Records for this task:

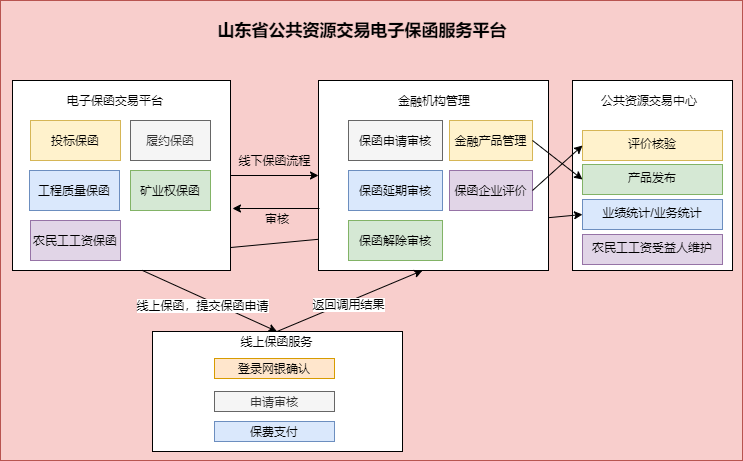

The diagram above was exported from draw.io. Its source (the exported page's mxGraphModel, read from the mxfile embedded in the PNG):
<mxGraphModel dx="1087" dy="570" grid="1" gridSize="10" guides="1" tooltips="1" connect="1" arrows="1" fold="1" page="1" pageScale="1" pageWidth="850" pageHeight="1100" math="0" shadow="0">
  <root>
    <mxCell id="0" />
    <mxCell id="1" parent="0" />
    <mxCell id="SAyuNfvIMWp1K3p_h0Z0-54" value="" style="rounded=0;whiteSpace=wrap;html=1;align=center;fillColor=#f8cecc;strokeColor=#b85450;" vertex="1" parent="1">
      <mxGeometry x="128" y="40" width="742" height="460" as="geometry" />
    </mxCell>
    <mxCell id="SAyuNfvIMWp1K3p_h0Z0-41" value="" style="rounded=0;whiteSpace=wrap;html=1;" vertex="1" parent="1">
      <mxGeometry x="700" y="120" width="160" height="190" as="geometry" />
    </mxCell>
    <mxCell id="SAyuNfvIMWp1K3p_h0Z0-52" value="" style="endArrow=classic;html=1;entryX=0;entryY=0.5;entryDx=0;entryDy=0;exitX=1.001;exitY=0.879;exitDx=0;exitDy=0;exitPerimeter=0;" edge="1" parent="1" source="SAyuNfvIMWp1K3p_h0Z0-16" target="SAyuNfvIMWp1K3p_h0Z0-45">
      <mxGeometry width="50" height="50" relative="1" as="geometry">
        <mxPoint x="358" y="289" as="sourcePoint" />
        <mxPoint x="408" y="239" as="targetPoint" />
      </mxGeometry>
    </mxCell>
    <mxCell id="SAyuNfvIMWp1K3p_h0Z0-25" style="edgeStyle=orthogonalEdgeStyle;rounded=0;orthogonalLoop=1;jettySize=auto;html=1;exitX=1;exitY=0.5;exitDx=0;exitDy=0;entryX=0;entryY=0.5;entryDx=0;entryDy=0;endArrow=classic;endFill=1;" edge="1" parent="1" source="SAyuNfvIMWp1K3p_h0Z0-16" target="SAyuNfvIMWp1K3p_h0Z0-18">
      <mxGeometry relative="1" as="geometry" />
    </mxCell>
    <mxCell id="SAyuNfvIMWp1K3p_h0Z0-16" value="" style="rounded=0;whiteSpace=wrap;html=1;" vertex="1" parent="1">
      <mxGeometry x="140" y="120" width="218" height="190" as="geometry" />
    </mxCell>
    <mxCell id="SAyuNfvIMWp1K3p_h0Z0-4" value="&lt;b&gt;&lt;font style=&quot;font-size: 17px&quot;&gt;山东省公共资源交易电子保函服务平台&lt;/font&gt;&lt;/b&gt;" style="text;html=1;strokeColor=none;fillColor=none;align=center;verticalAlign=middle;whiteSpace=wrap;rounded=0;" vertex="1" parent="1">
      <mxGeometry x="320" y="60" width="340" height="20" as="geometry" />
    </mxCell>
    <mxCell id="SAyuNfvIMWp1K3p_h0Z0-5" value="电子保函交易平台" style="text;html=1;strokeColor=none;fillColor=none;align=center;verticalAlign=middle;whiteSpace=wrap;rounded=0;" vertex="1" parent="1">
      <mxGeometry x="193" y="130" width="100" height="20" as="geometry" />
    </mxCell>
    <mxCell id="SAyuNfvIMWp1K3p_h0Z0-7" value="矿业权保函" style="text;html=1;strokeColor=#82b366;fillColor=#d5e8d4;align=center;verticalAlign=middle;whiteSpace=wrap;rounded=0;" vertex="1" parent="1">
      <mxGeometry x="258" y="210" width="80" height="40" as="geometry" />
    </mxCell>
    <mxCell id="SAyuNfvIMWp1K3p_h0Z0-8" value="履约保函" style="text;html=1;strokeColor=#666666;fillColor=#f5f5f5;align=center;verticalAlign=middle;whiteSpace=wrap;rounded=0;fontColor=#333333;" vertex="1" parent="1">
      <mxGeometry x="258" y="160" width="80" height="40" as="geometry" />
    </mxCell>
    <mxCell id="SAyuNfvIMWp1K3p_h0Z0-9" value="投标保函" style="text;html=1;strokeColor=#d6b656;fillColor=#fff2cc;align=center;verticalAlign=middle;whiteSpace=wrap;rounded=0;" vertex="1" parent="1">
      <mxGeometry x="158" y="160" width="90" height="40" as="geometry" />
    </mxCell>
    <mxCell id="SAyuNfvIMWp1K3p_h0Z0-10" value="工程质量保函" style="text;html=1;strokeColor=#6c8ebf;fillColor=#dae8fc;align=center;verticalAlign=middle;whiteSpace=wrap;rounded=0;" vertex="1" parent="1">
      <mxGeometry x="157" y="210" width="90" height="40" as="geometry" />
    </mxCell>
    <mxCell id="SAyuNfvIMWp1K3p_h0Z0-11" value="农民工工资保函" style="text;html=1;strokeColor=#9673a6;fillColor=#e1d5e7;align=center;verticalAlign=middle;whiteSpace=wrap;rounded=0;" vertex="1" parent="1">
      <mxGeometry x="158" y="260" width="90" height="40" as="geometry" />
    </mxCell>
    <mxCell id="SAyuNfvIMWp1K3p_h0Z0-18" value="" style="rounded=0;whiteSpace=wrap;html=1;" vertex="1" parent="1">
      <mxGeometry x="446" y="120" width="230" height="190" as="geometry" />
    </mxCell>
    <mxCell id="SAyuNfvIMWp1K3p_h0Z0-19" value="金融机构管理" style="text;html=1;strokeColor=none;fillColor=none;align=center;verticalAlign=middle;whiteSpace=wrap;rounded=0;" vertex="1" parent="1">
      <mxGeometry x="512" y="130" width="100" height="20" as="geometry" />
    </mxCell>
    <mxCell id="SAyuNfvIMWp1K3p_h0Z0-20" value="保函解除审核" style="text;html=1;strokeColor=#82b366;fillColor=#d5e8d4;align=center;verticalAlign=middle;whiteSpace=wrap;rounded=0;" vertex="1" parent="1">
      <mxGeometry x="476" y="260" width="94" height="40" as="geometry" />
    </mxCell>
    <mxCell id="SAyuNfvIMWp1K3p_h0Z0-21" value="&lt;span style=&quot;color: rgb(0 , 0 , 0)&quot;&gt;保函申请审核&lt;/span&gt;" style="text;html=1;strokeColor=#666666;fillColor=#f5f5f5;align=center;verticalAlign=middle;whiteSpace=wrap;rounded=0;fontColor=#333333;" vertex="1" parent="1">
      <mxGeometry x="476" y="160" width="94" height="40" as="geometry" />
    </mxCell>
    <mxCell id="SAyuNfvIMWp1K3p_h0Z0-22" value="金融产品管理" style="text;html=1;strokeColor=#d6b656;fillColor=#fff2cc;align=center;verticalAlign=middle;whiteSpace=wrap;rounded=0;" vertex="1" parent="1">
      <mxGeometry x="577" y="160" width="83" height="40" as="geometry" />
    </mxCell>
    <mxCell id="SAyuNfvIMWp1K3p_h0Z0-23" value="保函延期审核" style="text;html=1;strokeColor=#6c8ebf;fillColor=#dae8fc;align=center;verticalAlign=middle;whiteSpace=wrap;rounded=0;" vertex="1" parent="1">
      <mxGeometry x="476" y="210" width="94" height="40" as="geometry" />
    </mxCell>
    <mxCell id="SAyuNfvIMWp1K3p_h0Z0-24" value="保函企业评价" style="text;html=1;strokeColor=#9673a6;fillColor=#e1d5e7;align=center;verticalAlign=middle;whiteSpace=wrap;rounded=0;" vertex="1" parent="1">
      <mxGeometry x="577" y="210" width="83" height="40" as="geometry" />
    </mxCell>
    <mxCell id="SAyuNfvIMWp1K3p_h0Z0-26" value="线下保函流程" style="text;html=1;align=center;verticalAlign=middle;resizable=0;points=[];autosize=1;" vertex="1" parent="1">
      <mxGeometry x="357" y="190" width="90" height="20" as="geometry" />
    </mxCell>
    <mxCell id="SAyuNfvIMWp1K3p_h0Z0-27" value="" style="rounded=0;whiteSpace=wrap;html=1;" vertex="1" parent="1">
      <mxGeometry x="280" y="371" width="250" height="120" as="geometry" />
    </mxCell>
    <mxCell id="SAyuNfvIMWp1K3p_h0Z0-28" value="线上保函服务" style="text;html=1;strokeColor=none;fillColor=none;align=center;verticalAlign=middle;whiteSpace=wrap;rounded=0;" vertex="1" parent="1">
      <mxGeometry x="362" y="371" width="85" height="20" as="geometry" />
    </mxCell>
    <mxCell id="SAyuNfvIMWp1K3p_h0Z0-29" value="审核" style="text;html=1;strokeColor=none;fillColor=none;align=center;verticalAlign=middle;whiteSpace=wrap;rounded=0;" vertex="1" parent="1">
      <mxGeometry x="385" y="248" width="40" height="20" as="geometry" />
    </mxCell>
    <mxCell id="SAyuNfvIMWp1K3p_h0Z0-31" value="" style="endArrow=classic;html=1;" edge="1" parent="1">
      <mxGeometry width="50" height="50" relative="1" as="geometry">
        <mxPoint x="447" y="248" as="sourcePoint" />
        <mxPoint x="360" y="248" as="targetPoint" />
      </mxGeometry>
    </mxCell>
    <mxCell id="SAyuNfvIMWp1K3p_h0Z0-32" value="" style="endArrow=classic;html=1;entryX=0.5;entryY=0;entryDx=0;entryDy=0;" edge="1" parent="1" target="SAyuNfvIMWp1K3p_h0Z0-28">
      <mxGeometry width="50" height="50" relative="1" as="geometry">
        <mxPoint x="270" y="310" as="sourcePoint" />
        <mxPoint x="320" y="260" as="targetPoint" />
      </mxGeometry>
    </mxCell>
    <mxCell id="SAyuNfvIMWp1K3p_h0Z0-33" value="线上保函，提交保函申请" style="edgeLabel;html=1;align=center;verticalAlign=middle;resizable=0;points=[];" vertex="1" connectable="0" parent="SAyuNfvIMWp1K3p_h0Z0-32">
      <mxGeometry x="-0.4653" y="3" relative="1" as="geometry">
        <mxPoint x="22.310000000000002" y="21.07" as="offset" />
      </mxGeometry>
    </mxCell>
    <mxCell id="SAyuNfvIMWp1K3p_h0Z0-36" value="" style="endArrow=classic;html=1;exitX=0.5;exitY=0;exitDx=0;exitDy=0;" edge="1" parent="1" source="SAyuNfvIMWp1K3p_h0Z0-28">
      <mxGeometry width="50" height="50" relative="1" as="geometry">
        <mxPoint x="400" y="390" as="sourcePoint" />
        <mxPoint x="550" y="310" as="targetPoint" />
      </mxGeometry>
    </mxCell>
    <mxCell id="SAyuNfvIMWp1K3p_h0Z0-37" value="返回调用结果" style="edgeLabel;html=1;align=center;verticalAlign=middle;resizable=0;points=[];" vertex="1" connectable="0" parent="1">
      <mxGeometry x="476.00020254920673" y="343.9974005476354" as="geometry" />
    </mxCell>
    <mxCell id="SAyuNfvIMWp1K3p_h0Z0-38" value="登录网银确认" style="rounded=0;whiteSpace=wrap;html=1;fillColor=#ffe6cc;strokeColor=#d79b00;" vertex="1" parent="1">
      <mxGeometry x="342" y="398" width="120" height="20" as="geometry" />
    </mxCell>
    <mxCell id="SAyuNfvIMWp1K3p_h0Z0-39" value="申请审核" style="rounded=0;whiteSpace=wrap;html=1;fillColor=#f5f5f5;strokeColor=#666666;fontColor=#333333;" vertex="1" parent="1">
      <mxGeometry x="342" y="431" width="120" height="20" as="geometry" />
    </mxCell>
    <mxCell id="SAyuNfvIMWp1K3p_h0Z0-40" value="保费支付" style="rounded=0;whiteSpace=wrap;html=1;fillColor=#dae8fc;strokeColor=#6c8ebf;" vertex="1" parent="1">
      <mxGeometry x="342" y="461" width="120" height="20" as="geometry" />
    </mxCell>
    <mxCell id="SAyuNfvIMWp1K3p_h0Z0-42" value="公共资源交易中心" style="text;html=1;strokeColor=none;fillColor=none;align=center;verticalAlign=middle;whiteSpace=wrap;rounded=0;" vertex="1" parent="1">
      <mxGeometry x="727" y="130" width="100" height="20" as="geometry" />
    </mxCell>
    <mxCell id="SAyuNfvIMWp1K3p_h0Z0-43" value="产品发布" style="text;whiteSpace=wrap;html=1;align=center;fillColor=#d5e8d4;strokeColor=#82b366;" vertex="1" parent="1">
      <mxGeometry x="710" y="204" width="140" height="30" as="geometry" />
    </mxCell>
    <mxCell id="SAyuNfvIMWp1K3p_h0Z0-44" value="评价核验" style="text;whiteSpace=wrap;html=1;align=center;fillColor=#fff2cc;strokeColor=#d6b656;" vertex="1" parent="1">
      <mxGeometry x="710" y="170" width="140" height="30" as="geometry" />
    </mxCell>
    <mxCell id="SAyuNfvIMWp1K3p_h0Z0-45" value="业绩统计/业务统计" style="text;whiteSpace=wrap;html=1;align=center;fillColor=#dae8fc;strokeColor=#6c8ebf;" vertex="1" parent="1">
      <mxGeometry x="710" y="239" width="140" height="30" as="geometry" />
    </mxCell>
    <mxCell id="SAyuNfvIMWp1K3p_h0Z0-46" value="农民工工资受益人维护" style="text;whiteSpace=wrap;html=1;align=center;fillColor=#e1d5e7;strokeColor=#9673a6;" vertex="1" parent="1">
      <mxGeometry x="710" y="274" width="140" height="30" as="geometry" />
    </mxCell>
    <mxCell id="SAyuNfvIMWp1K3p_h0Z0-48" value="" style="endArrow=classic;html=1;entryX=0;entryY=0.5;entryDx=0;entryDy=0;exitX=1;exitY=0.5;exitDx=0;exitDy=0;" edge="1" parent="1" source="SAyuNfvIMWp1K3p_h0Z0-22" target="SAyuNfvIMWp1K3p_h0Z0-43">
      <mxGeometry width="50" height="50" relative="1" as="geometry">
        <mxPoint x="660" y="190" as="sourcePoint" />
        <mxPoint x="710" y="140" as="targetPoint" />
      </mxGeometry>
    </mxCell>
    <mxCell id="SAyuNfvIMWp1K3p_h0Z0-51" value="" style="endArrow=classic;html=1;entryX=0;entryY=0.5;entryDx=0;entryDy=0;exitX=1;exitY=0.5;exitDx=0;exitDy=0;" edge="1" parent="1" source="SAyuNfvIMWp1K3p_h0Z0-24" target="SAyuNfvIMWp1K3p_h0Z0-44">
      <mxGeometry width="50" height="50" relative="1" as="geometry">
        <mxPoint x="570" y="289" as="sourcePoint" />
        <mxPoint x="620" y="239" as="targetPoint" />
      </mxGeometry>
    </mxCell>
  </root>
</mxGraphModel>

What the task asks: Scan the listing above and identify each line holding the string "entryX"; copy every such line.

Solved problem:
    <mxCell id="SAyuNfvIMWp1K3p_h0Z0-52" value="" style="endArrow=classic;html=1;entryX=0;entryY=0.5;entryDx=0;entryDy=0;exitX=1.001;exitY=0.879;exitDx=0;exitDy=0;exitPerimeter=0;" edge="1" parent="1" source="SAyuNfvIMWp1K3p_h0Z0-16" target="SAyuNfvIMWp1K3p_h0Z0-45">
    <mxCell id="SAyuNfvIMWp1K3p_h0Z0-25" style="edgeStyle=orthogonalEdgeStyle;rounded=0;orthogonalLoop=1;jettySize=auto;html=1;exitX=1;exitY=0.5;exitDx=0;exitDy=0;entryX=0;entryY=0.5;entryDx=0;entryDy=0;endArrow=classic;endFill=1;" edge="1" parent="1" source="SAyuNfvIMWp1K3p_h0Z0-16" target="SAyuNfvIMWp1K3p_h0Z0-18">
    <mxCell id="SAyuNfvIMWp1K3p_h0Z0-32" value="" style="endArrow=classic;html=1;entryX=0.5;entryY=0;entryDx=0;entryDy=0;" edge="1" parent="1" target="SAyuNfvIMWp1K3p_h0Z0-28">
    <mxCell id="SAyuNfvIMWp1K3p_h0Z0-48" value="" style="endArrow=classic;html=1;entryX=0;entryY=0.5;entryDx=0;entryDy=0;exitX=1;exitY=0.5;exitDx=0;exitDy=0;" edge="1" parent="1" source="SAyuNfvIMWp1K3p_h0Z0-22" target="SAyuNfvIMWp1K3p_h0Z0-43">
    <mxCell id="SAyuNfvIMWp1K3p_h0Z0-51" value="" style="endArrow=classic;html=1;entryX=0;entryY=0.5;entryDx=0;entryDy=0;exitX=1;exitY=0.5;exitDx=0;exitDy=0;" edge="1" parent="1" source="SAyuNfvIMWp1K3p_h0Z0-24" target="SAyuNfvIMWp1K3p_h0Z0-44">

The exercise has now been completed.